Urine samples were collected by metabolism cage. The following commercial reference controls were used to monitor the performance of the method:
Urinalysis: Chek-Stix Urinalysis Control Strips (Ames Division, Miles Laboratories, Inc., Elkhart, Indiana/USA).
The following listed parameters were determined: Volume (18 h), specific gravity, pH, protein, glucose, ketone, bilirubin, blood, urobilinogen, urine sediment.

OTHER:

HEARING TESTS:
10 animals from each sex and group with the highest identification nunbers were tested for hearing impairment using a tone generator (frequency of 10 khz, volume of 80 Db, duration of 30 ms. The test was repeated 5 times with 2-second pauses between each test). Evidence of Preyer's Reflex after 3-5 repeats constituted a positive reaction. The hearing tests were performed after 14, 26, 53, 78, 105, and 118 weeks of treatment.
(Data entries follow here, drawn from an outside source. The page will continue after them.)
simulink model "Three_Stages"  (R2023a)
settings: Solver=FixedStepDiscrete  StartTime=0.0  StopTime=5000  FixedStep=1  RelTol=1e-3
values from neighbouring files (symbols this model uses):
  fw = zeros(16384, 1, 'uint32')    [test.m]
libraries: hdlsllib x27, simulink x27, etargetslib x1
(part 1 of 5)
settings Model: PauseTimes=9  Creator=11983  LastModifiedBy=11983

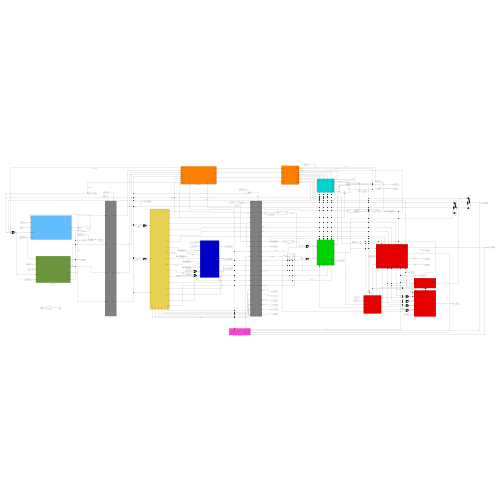
[thumbnail: Simulink's stored preview of the top-level diagram]
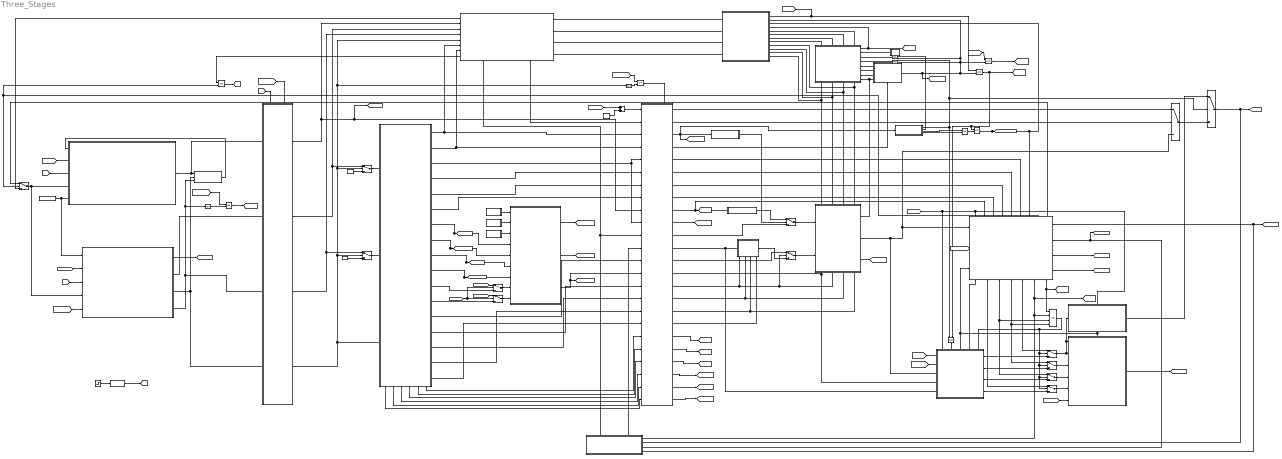
== system Three_Stages ==
  ALU : Subsystem
      settings: PortSchema="{\"entries\":[{\"content\":{\"sides\":[{\"content\":{\"connectorIds\":[\"In1\",\"In2\"]},\"type\":\"ConnectorPlacement.EquallySpacedRectSide\",\"uuid\":\"ccb5df41-1247-48d9-959c-75926096b8fa\"},{\"content\":{\"connectorIds\":[\"In7\",\"Out1\",\"Out2\"],\"side\":\"RIGHT\"},\"type\":\"ConnectorPlacement.EquallySpacedRectSide\",\"uuid\":\"80f2a142-6d0c-48b1-ae68-4f85aa7180f9\"},{\"content\":{\"connectorIds\":[\"Out3\",\"Out4\",\"Out5\",\"Out6\"],\"side\":\"TOP\"},\"type\":\"ConnectorPlacement.EquallySpacedRectSide\",\"uuid\":\"ddd8a3a0-1a29-4746-aba9-d3a66e616423\"},{\"content\":{\"connectorIds\":[\"In3\",\"In4\",\"In5\",\"In6\"],\"side\":\"BOTTOM\"},\"type\":\"ConnectorPlacement.EquallySpacedRectSide\",\"uuid\":\"5581b6e8-dec6-4a13-b9b3-e754e41154dd\"}]},\"type\":\"ConnectorPlacement.EquallySpacedConnector\",\"uuid\":\"f4739204-0172-45d8-8900-7f7503b7c069\"}],\"packageUris\":[\"http://schema.mathworks.com/mf0/Connector/R2020b\"],\"version\":\"1.0\"}"
  APSR : Subsystem
      settings: PortSchema="{\"entries\":[{\"content\":{\"sides\":[{\"content\":{},\"type\":\"ConnectorPlacement.EquallySpacedRectSide\",\"uuid\":\"b04420ff-f19b-4c94-a003-74643939b36f\"},{\"content\":{\"connectorIds\":[\"In5\",\"In6\",\"In7\",\"In8\",\"Out1\",\"Out2\",\"Out3\",\"Out4\"],\"side\":\"RIGHT\"},\"type\":\"ConnectorPlacement.EquallySpacedRectSide\",\"uuid\":\"262487a7-9547-4f2e-9b3b-f72102858df0\"},{\"content\":{\"connectorIds\":[\"Out5\",\"Out6\",\"Out7\",\"Out8\"],\"side\":\"TOP\"},\"type\":\"ConnectorPlacement.EquallySpacedRectSide\",\"uuid\":\"08655cd2-da14-4b4c-a3be-8f888e927bf2\"},{\"content\":{\"connectorIds\":[\"In1\",\"In2\",\"In3\",\"In4\"],\"side\":\"BOTTOM\"},\"type\":\"ConnectorPlacement.EquallySpacedRectSide\",\"uuid\":\"d1ff2338-8405-4e4f-9e8f-6e9f9acda6a4\"}]},\"type\":\"ConnectorPlacement.EquallySpacedConnector\",\"uuid\":\"02373ca2-1c43-4ba4-bf90-ab64c05b49a0\"}],\"packageUris\":[\"http://schema.mathworks.com/mf0/Connector/R2020b\"],\"version\":\"1.0\"}"
  Add : Sum
  Branch_Unit : Subsystem
      settings: PortSchema="{\"entries\":[{\"content\":{\"sides\":[{\"content\":{\"connectorIds\":[\"Out2\",\"In1\",\"In2\",\"In3\",\"In4\",\"In5\",\"In6\",\"Out3\"]},\"type\":\"ConnectorPlacement.EquallySpacedRectSide\",\"uuid\":\"fa39de6f-023a-4353-bbb3-beec0acef9a4\"},{\"content\":{\"connectorIds\":[\"In8\",\"In9\",\"In10\",\"In11\"],\"side\":\"RIGHT\"},\"type\":\"ConnectorPlacement.EquallySpacedRectSide\",\"uuid\":\"2cd56a38-3fbf-451b-a1e9-9297fd516597\"},{\"content\":{\"side\":\"TOP\"},\"type\":\"ConnectorPlacement.EquallySpacedRectSide\",\"uuid\":\"e24db981-f1ca-4813-8aa8-2d70266521c8\"},{\"content\":{\"connectorIds\":[\"In7\",\"Out1\"],\"side\":\"BOTTOM\"},\"type\":\"ConnectorPlacement.EquallySpacedRectSide\",\"uuid\":\"8566e1d9-99e4-42a3-b963-6f1483e5acef\"}]},\"type\":\"ConnectorPlacement.EquallySpacedConnector\",\"uuid\":\"2efaa27e-3a9b-48f9-ab74-8d4ce9e9e835\"}],\"packageUris\":[\"http://schema.mathworks.com/mf0/Connector/R2020b\"],\"version\":\"1.0\"}"
  COND_OK : Subsystem
      settings: PortSchema="{\"entries\":[{\"content\":{\"sides\":[{\"content\":{\"connectorIds\":[\"In1\",\"In2\",\"In3\",\"In4\"]},\"type\":\"ConnectorPlacement.EquallySpacedRectSide\",\"uuid\":\"b7de4efa-7ffd-4508-af86-f3994ca8b638\"},{\"content\":{\"connectorIds\":[\"Out1\"],\"side\":\"RIGHT\"},\"type\":\"ConnectorPlacement.EquallySpacedRectSide\",\"uuid\":\"01c63998-7571-4d66-95c8-a8f2c37a5aa2\"},{\"content\":{\"side\":\"TOP\"},\"type\":\"ConnectorPlacement.EquallySpacedRectSide\",\"uuid\":\"ed1382b1-aa61-428b-a7ef-96829cef3c86\"},{\"content\":{\"connectorIds\":[\"In5\"],\"side\":\"BOTTOM\"},\"type\":\"ConnectorPlacement.EquallySpacedRectSide\",\"uuid\":\"571a99ab-d0c2-4e4e-a524-83c5ee223b5b\"}]},\"type\":\"ConnectorPlacement.EquallySpacedConnector\",\"uuid\":\"3f5959c9-782a-410f-ad4b-6735c3db51ba\"}],\"packageUris\":[\"http://schema.mathworks.com/mf0/Connector/R2020b\"],\"version\":\"1.0\"}"
  Constant : Constant  Value=0  OutDataTypeStr=uint32
  Constant1 : Constant  Value=0
  Constant3 : Constant  Value=0x08000130  VectorParams1D=off
  Constant7 : Constant  Value=4  OutDataTypeStr=uint32
  Data Type Conversion : DataTypeConversion  OutDataTypeStr=boolean  SaturateOnIntegerOverflow=off  RndMeth=Floor
  Forward_Unit : Subsystem
      settings: PortSchema="{\"entries\":[{\"content\":{\"sides\":[{\"content\":{},\"type\":\"ConnectorPlacement.EquallySpacedRectSide\",\"uuid\":\"b518ab8e-5181-4ba3-962c-c49c8d938615\"},{\"content\":{\"connectorIds\":[\"In1\",\"In2\",\"In3\",\"In4\"],\"side\":\"RIGHT\"},\"type\":\"ConnectorPlacement.EquallySpacedRectSide\",\"uuid\":\"5317ce62-8cb4-48f5-b950-79d5c38b61e0\"},{\"content\":{\"connectorIds\":[\"Out1\",\"Out2\"],\"side\":\"TOP\"},\"type\":\"ConnectorPlacement.EquallySpacedRectSide\",\"uuid\":\"43e255fe-bf02-429e-afe6-23a00690485d\"}]},\"type\":\"ConnectorPlacement.EquallySpacedConnector\",\"uuid\":\"73139baf-ff19-4893-8dbb-73622a3eec4b\"}],\"packageUris\":[\"http://schema.mathworks.com/mf0/Connector/R2020b\"],\"version\":\"1.0\"}"
  LDRB_LDRH : Subsystem
      settings: PortSchema="{\"entries\":[{\"content\":{\"sides\":[{\"content\":{\"connectorIds\":[\"In1\"]},\"type\":\"ConnectorPlacement.EquallySpacedRectSide\",\"uuid\":\"1aacb863-4f6f-4fe7-b69a-d5773680006a\"},{\"content\":{\"connectorIds\":[\"Out1\"],\"side\":\"RIGHT\"},\"type\":\"ConnectorPlacement.EquallySpacedRectSide\",\"uuid\":\"1b0cc9e8-d7ed-4611-b678-703fc229f153\"},{\"content\":{\"connectorIds\":[\"In2\"],\"side\":\"TOP\"},\"type\":\"ConnectorPlacement.EquallySpacedRectSide\",\"uuid\":\"6cf80b36-4bc3-4f6e-89b2-b390fea3a693\"},{\"content\":{\"connectorIds\":[\"In3\"],\"side\":\"BOTTOM\"},\"type\":\"ConnectorPlacement.EquallySpacedRectSide\",\"uuid\":\"f50755aa-ce52-486e-b974-6c83f6b16ce4\"}]},\"type\":\"ConnectorPlacement.EquallySpacedConnector\",\"uuid\":\"37988c8b-84fd-4da1-be93-43b2d0148809\"}],\"packageUris\":[\"http://schema.mathworks.com/mf0/Connector/R2020b\"],\"version\":\"1.0\"}"
  LDR_Target : Subsystem
  Logical Operator{1..4,12,14} (6 alike) : Logic  AllPortsSameDT=off  OutDataTypeStr=boolean
  Logical Operator10 : Logic  Operator=OR  Inputs=4  AllPortsSameDT=off  OutDataTypeStr=boolean
  Logical Operator15 : Logic  Operator=NOT  AllPortsSameDT=off  OutDataTypeStr=boolean
  Logical Operator{5..6,21..22} (4 alike) : Logic  Operator=OR  AllPortsSameDT=off  OutDataTypeStr=boolean
  Logical Operator23 : Logic  Operator=NOT  AllPortsSameDT=off  OutDataTypeStr=boolean
  MR : Subsystem
      settings: PortSchema="{\"entries\":[{\"content\":{\"sides\":[{\"content\":{\"connectorIds\":[\"In1\",\"In2\",\"In3\"]},\"type\":\"ConnectorPlacement.EquallySpacedRectSide\",\"uuid\":\"ae034d06-3b44-4ece-97be-40f77d25c887\"},{\"content\":{\"connectorIds\":[\"Out1\",\"Out2\",\"Out3\",\"Out4\"],\"side\":\"RIGHT\"},\"type\":\"ConnectorPlacement.EquallySpacedRectSide\",\"uuid\":\"97e4f072-c582-4d8b-a0d0-105be19de914\"},{\"content\":{\"connectorIds\":[\"In4\",\"In5\",\"In6\",\"In7\",\"In8\",\"In9\",\"In10\",\"Out12\",\"Out13\"],\"side\":\"TOP\"},\"type\":\"ConnectorPlacement.EquallySpacedRectSide\",\"uuid\":\"0c52d681-aa90-4260-97f0-099fed25df92\"},{\"content\":{\"connectorIds\":[\"Out5\",\"Out6\",\"Out7\",\"Out8\",\"Out9\",\"Out10\",\"Out11\"],\"side\":\"BOTTOM\"},\"type\":\"ConnectorPlacement.EquallySpacedRectSide\",\"uuid\":\"f0439111-5f7c-4712-89ea-153c665c0054\"}]},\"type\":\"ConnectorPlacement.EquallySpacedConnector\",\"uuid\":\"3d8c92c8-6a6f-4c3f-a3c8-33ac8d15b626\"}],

PLASMA LEVEL DETERMINATIONS:
Blood samples were collected after 107 weeks of treatment (on the day of necropsy) from the surviving chronic toxicity animals for the test substance determinations in plasma.
Sacrifice and pathology:
GROSS PATHOLOGY: Yes
All animals were necropsied and descriptions of all macroscopic abnormalities were recorded. All animals which survived to the end of the observation period and all moribund animals were anesthetized by intraperitoneal injection of sodium pentobarbital and killed by exsanguination.

HISTOPATHOLOGY: Yes
Samples of the following tissues and organs were collected from all animals at necropsy and fixed in neutral phosphate buffered 4% formaldehyde solution:
Adrenal glands, aorta, brain, cecum, colon, duodenum, epididymides, esophagus, eyes with nerve and Harderian gland, heart, ileum, jejunum, kidneys, liver, lung (infused with formalin), lymph nodes (mandibular, mesenteric), mammary gland, ovaries, pancreas, pituitary gland, prostate gland, rectum, salivary gland (mandibular, sublingual), seminal vesicles, sciatic nerve, skeletal muscle, skin, spinal cord (cervical), spleen, sternum with marrow, stomach, testes, thymus, thyroid glands with parathyroid glands, tongue, trachea, urinary bladder (infused with formalin), uterus, gross lesiens, tissue masses.
All organs were trimmed, and embedded in paraffin. Sections were cut in an approximate thickness of 4 µm and stained with hematoxylin and eosin (HE).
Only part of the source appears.